Clicking the alerts icon in the overlay items bar displays any red alerts icons in the chart pane. Selecting one of these chart alerts will bring up additional information below the overlay items bar, which will show the following information:
- Timestamp indicates when the alert occurred.
- Resource Name of the object that is reporting the alert.
- Severity**Level **of the alert. Use the priority level to determine whether additional notifications should occur, such as sending an email to administrators or sending a log to Syslog servers. The level may be one of the following:
- High: red
- Medium: yellow
- Low: blue
- Summary **briefly describes **the event.
- Dismiss the alert to remove it from the list and also remove the corresponding alert icon from the chart pane. Dismissing an alert here is the same as dismissing it via the bell icon at the top of the screen next to the health score or dismissing it via the Alerts tab.
- **Edit **opens the alert filter configuration, which can be modified to make Avi Vantage more or less sensitive to generating new alerts.
- Expand/Contract: Clicking the plus (+) or minus sign (-) for an alert either expands or contracts a sub-table showing more detail about the alert. This will typically show the original events that triggered the alert.

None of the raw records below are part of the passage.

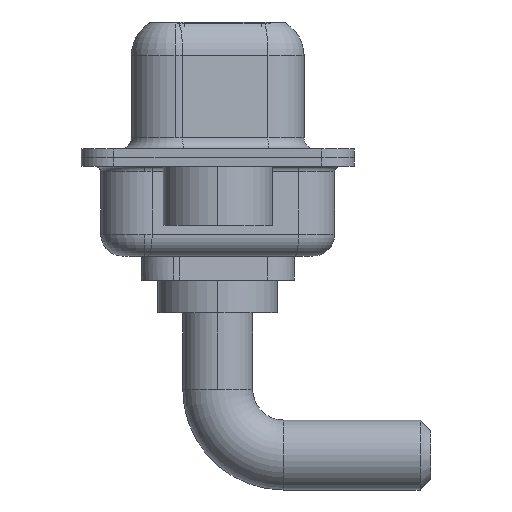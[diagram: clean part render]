
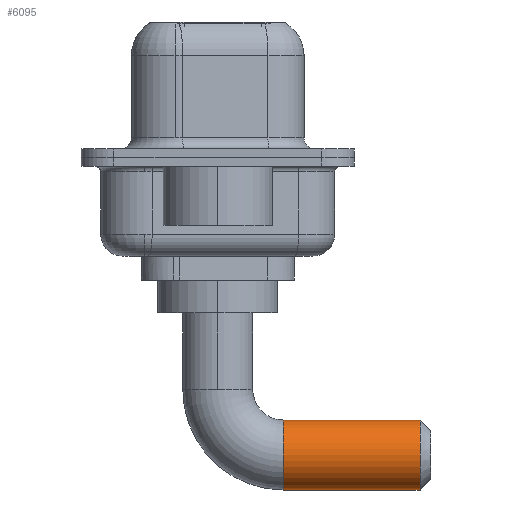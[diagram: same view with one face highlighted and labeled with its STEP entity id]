
A CAD part, left-side view. The second image highlights one B-rep face of the part: STEP entity #6095.
In plain terms, the highlighted cylindrical face has radius 1.6 mm (diameter 3.2 mm), a partial arc.
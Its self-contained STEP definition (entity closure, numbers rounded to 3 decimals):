
#94 = CARTESIAN_POINT ( 'NONE',  ( 0., -3., -4.9 ) ) ;
#243 = FACE_OUTER_BOUND ( 'NONE', #5513, .T. ) ;
#495 = EDGE_CURVE ( 'NONE', #7835, #5720, #4839, .T. ) ;
#501 = CARTESIAN_POINT ( 'NONE',  ( 0., -9.25, -4.9 ) ) ;
#1226 = AXIS2_PLACEMENT_3D ( 'NONE', #7907, #8682, #12017 ) ;
#1398 = ORIENTED_EDGE ( 'NONE', *, *, #495, .F. ) ;
#1643 = VECTOR ( 'NONE', #3813, 1000. ) ;
#1958 = ORIENTED_EDGE ( 'NONE', *, *, #9968, .T. ) ;
#2257 = CIRCLE ( 'NONE', #1226, 1.6 ) ;
#3046 = DIRECTION ( 'NONE',  ( -1., 0., 0. ) ) ;
#3269 = ORIENTED_EDGE ( 'NONE', *, *, #4081, .T. ) ;
#3662 = CIRCLE ( 'NONE', #6741, 1.6 ) ;
#3723 = VECTOR ( 'NONE', #12629, 1000. ) ;
#3813 = DIRECTION ( 'NONE',  ( 0., -1., 0. ) ) ;
#3889 = DIRECTION ( 'NONE',  ( 0., -1., 0. ) ) ;
#4081 = EDGE_CURVE ( 'NONE', #7835, #12620, #3662, .T. ) ;
#4335 = CYLINDRICAL_SURFACE ( 'NONE', #9027, 1.6 ) ;
#4839 = LINE ( 'NONE', #11745, #1643 ) ;
#5513 = EDGE_LOOP ( 'NONE', ( #1398, #3269, #1958, #9150 ) ) ;
#5720 = VERTEX_POINT ( 'NONE', #501 ) ;
#6095 = ADVANCED_FACE ( 'NONE', ( #243 ), #4335, .T. ) ;
#6741 = AXIS2_PLACEMENT_3D ( 'NONE', #7897, #3889, #3046 ) ;
#7239 = DIRECTION ( 'NONE',  ( 0., -1., 0. ) ) ;
#7835 = VERTEX_POINT ( 'NONE', #94 ) ;
#7864 = CARTESIAN_POINT ( 'NONE',  ( 0., -3., -8.1 ) ) ;
#7897 = CARTESIAN_POINT ( 'NONE',  ( 0., -3., -6.5 ) ) ;
#7907 = CARTESIAN_POINT ( 'NONE',  ( 0., -9.25, -6.5 ) ) ;
#8273 = DIRECTION ( 'NONE',  ( 0., 0., -1. ) ) ;
#8682 = DIRECTION ( 'NONE',  ( 0., 1., 0. ) ) ;
#8882 = LINE ( 'NONE', #7864, #3723 ) ;
#9027 = AXIS2_PLACEMENT_3D ( 'NONE', #10246, #7239, #8273 ) ;
#9150 = ORIENTED_EDGE ( 'NONE', *, *, #10438, .T. ) ;
#9842 = CARTESIAN_POINT ( 'NONE',  ( 0., -9.25, -8.1 ) ) ;
#9968 = EDGE_CURVE ( 'NONE', #12620, #10029, #8882, .T. ) ;
#10029 = VERTEX_POINT ( 'NONE', #9842 ) ;
#10246 = CARTESIAN_POINT ( 'NONE',  ( 0., -3., -6.5 ) ) ;
#10438 = EDGE_CURVE ( 'NONE', #10029, #5720, #2257, .T. ) ;
#11745 = CARTESIAN_POINT ( 'NONE',  ( 0., -3., -4.9 ) ) ;
#12017 = DIRECTION ( 'NONE',  ( 0., 0., -1. ) ) ;
#12209 = CARTESIAN_POINT ( 'NONE',  ( 0., -3., -8.1 ) ) ;
#12620 = VERTEX_POINT ( 'NONE', #12209 ) ;
#12629 = DIRECTION ( 'NONE',  ( 0., -1., 0. ) ) ;
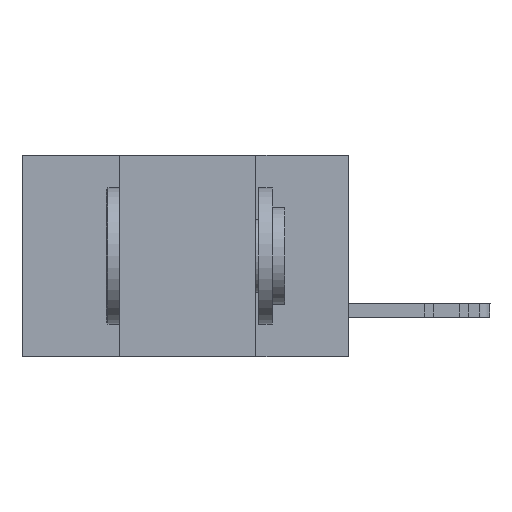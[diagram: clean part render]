
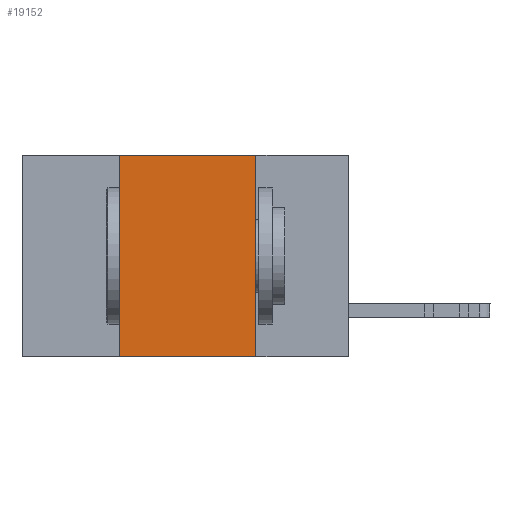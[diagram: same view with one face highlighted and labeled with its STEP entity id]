
A CAD part, left-side view. The second image highlights one B-rep face of the part: STEP entity #19152.
In plain terms, the highlighted planar face has unit normal (-1, 0, 0).
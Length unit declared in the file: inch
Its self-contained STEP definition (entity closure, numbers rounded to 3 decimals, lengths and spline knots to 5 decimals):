
#494 = ORIENTED_EDGE ( 'NONE', *, *, #16928, .T. ) ;
#1865 = VECTOR ( 'NONE', #5103, 39.37008 ) ;
#2198 = DIRECTION ( 'NONE',  ( 0., 0., 1. ) ) ;
#2448 = VERTEX_POINT ( 'NONE', #7885 ) ;
#3252 = CARTESIAN_POINT ( 'NONE',  ( 0., 0.6, -0.37 ) ) ;
#3432 = LINE ( 'NONE', #8977, #12664 ) ;
#4058 = VERTEX_POINT ( 'NONE', #4615 ) ;
#4525 = EDGE_CURVE ( 'NONE', #2448, #4058, #3432, .T. ) ;
#4615 = CARTESIAN_POINT ( 'NONE',  ( 0., 0.17, 0. ) ) ;
#4675 = FACE_OUTER_BOUND ( 'NONE', #18142, .T. ) ;
#5101 = VECTOR ( 'NONE', #16271, 39.37008 ) ;
#5103 = DIRECTION ( 'NONE',  ( 0., -1., 0. ) ) ;
#5646 = VECTOR ( 'NONE', #2198, 39.37008 ) ;
#6888 = ORIENTED_EDGE ( 'NONE', *, *, #15715, .F. ) ;
#7456 = ORIENTED_EDGE ( 'NONE', *, *, #4525, .F. ) ;
#7885 = CARTESIAN_POINT ( 'NONE',  ( 0., 0.42, 0. ) ) ;
#8551 = AXIS2_PLACEMENT_3D ( 'NONE', #9680, #22304, #11579 ) ;
#8571 = DIRECTION ( 'NONE',  ( 0., -1., 0. ) ) ;
#8977 = CARTESIAN_POINT ( 'NONE',  ( 0., 0.6, 0. ) ) ;
#9680 = CARTESIAN_POINT ( 'NONE',  ( 0., 0.6, 0. ) ) ;
#11579 = DIRECTION ( 'NONE',  ( 0., 0., -1. ) ) ;
#11690 = LINE ( 'NONE', #3252, #1865 ) ;
#12664 = VECTOR ( 'NONE', #8571, 39.37008 ) ;
#13004 = CARTESIAN_POINT ( 'NONE',  ( 0., 0.42, -0.37 ) ) ;
#13216 = CARTESIAN_POINT ( 'NONE',  ( 0., 0.42, -0.37 ) ) ;
#13600 = ORIENTED_EDGE ( 'NONE', *, *, #23125, .F. ) ;
#14426 = CARTESIAN_POINT ( 'NONE',  ( 0., 0.17, -0.37 ) ) ;
#14998 = LINE ( 'NONE', #14426, #5101 ) ;
#15503 = LINE ( 'NONE', #13216, #5646 ) ;
#15715 = EDGE_CURVE ( 'NONE', #4058, #22529, #14998, .T. ) ;
#16271 = DIRECTION ( 'NONE',  ( 0., 0., -1. ) ) ;
#16928 = EDGE_CURVE ( 'NONE', #22488, #22529, #11690, .T. ) ;
#18142 = EDGE_LOOP ( 'NONE', ( #6888, #7456, #13600, #494 ) ) ;
#18562 = CARTESIAN_POINT ( 'NONE',  ( 0., 0.17, -0.37 ) ) ;
#19152 = ADVANCED_FACE ( 'NONE', ( #4675 ), #21937, .F. ) ;
#21937 = PLANE ( 'NONE',  #8551 ) ;
#22304 = DIRECTION ( 'NONE',  ( 1., 0., 0. ) ) ;
#22488 = VERTEX_POINT ( 'NONE', #13004 ) ;
#22529 = VERTEX_POINT ( 'NONE', #18562 ) ;
#23125 = EDGE_CURVE ( 'NONE', #22488, #2448, #15503, .T. ) ;

Configuration Events Overlay
The configuration events overlay displays configuration events. Configuration events typically involve changing the Avi Vantage configuration by adding, deleting, or modifying a resource such as a pool, virtual service, or SE, or an object related to the object being inspected. For example, if a virtual service’s traffic drops off at precisely 10:00 a.m., and at that time an administrator made a change to the virtual service’s security settings, there is a good chance the cause of the change in traffic can be attributed to the configuration change.
Clicking the configuration events icon in the overlay items bar displays any blue configuration event icons in the chart pane. Selecting one of these chart alerts will bring up additional information below the overlay items bar, which will show the following information, as depicted in figure 12.
- Timestamp indicating when the configuration change occurred
- Resource Name of the object that has been modified
- Resource Type of the object, e.g., Pool Server, Pool, Virtual Service, SE, etc.
- Event Code indicates the nature of the change:
- Description: Brief description of the event.
- Expand/Contract: Clicking the plus (+) or minus sign (-) for a configuration event either expands or contracts a sub-table showing more detail about the event, as illustrated in figure 13. When expanded, this shows a difference comparison of the previous configuration versus the new configuration, as follows:
- Green: shows additions.
- Red: shows deletions.
- Yellow: shows changes.
System Events Overlay
This overlay displays system events relevant to the current object, such as a server changing status from up to down or the health score of a virtual service changing from 50 to 100. Clicking the checkbox to the left of the system events icon in the overlay items bar causes any purple system event icons to appear in the chart pane. In figure 14, clicking on the system event icon in the chart pane (as indicated by the red arrow) bring ups a table of information.
The table’s rows provide high-level information about each event at or close to the selected time.
- **Timestamp **indicates when the system even occurred.
- Resource Name identifies the object that triggered the event.
- Resource Type indicates the type of resource involved, e.g., virtual service, pool, pool server, etc.
- Event Code is a high-level definition of the event, such as SERVER_HEALTH_DEGRADED, POOL_HEALTH_DEGRADED, VS_HEALTH_CHANGE or VS_UP.
- **Description **briefly describes the system event.
- Expand/Contract a single row by clicking the plus (+) or minus sign (-). Expanding reveals more information, as shown in figure 15.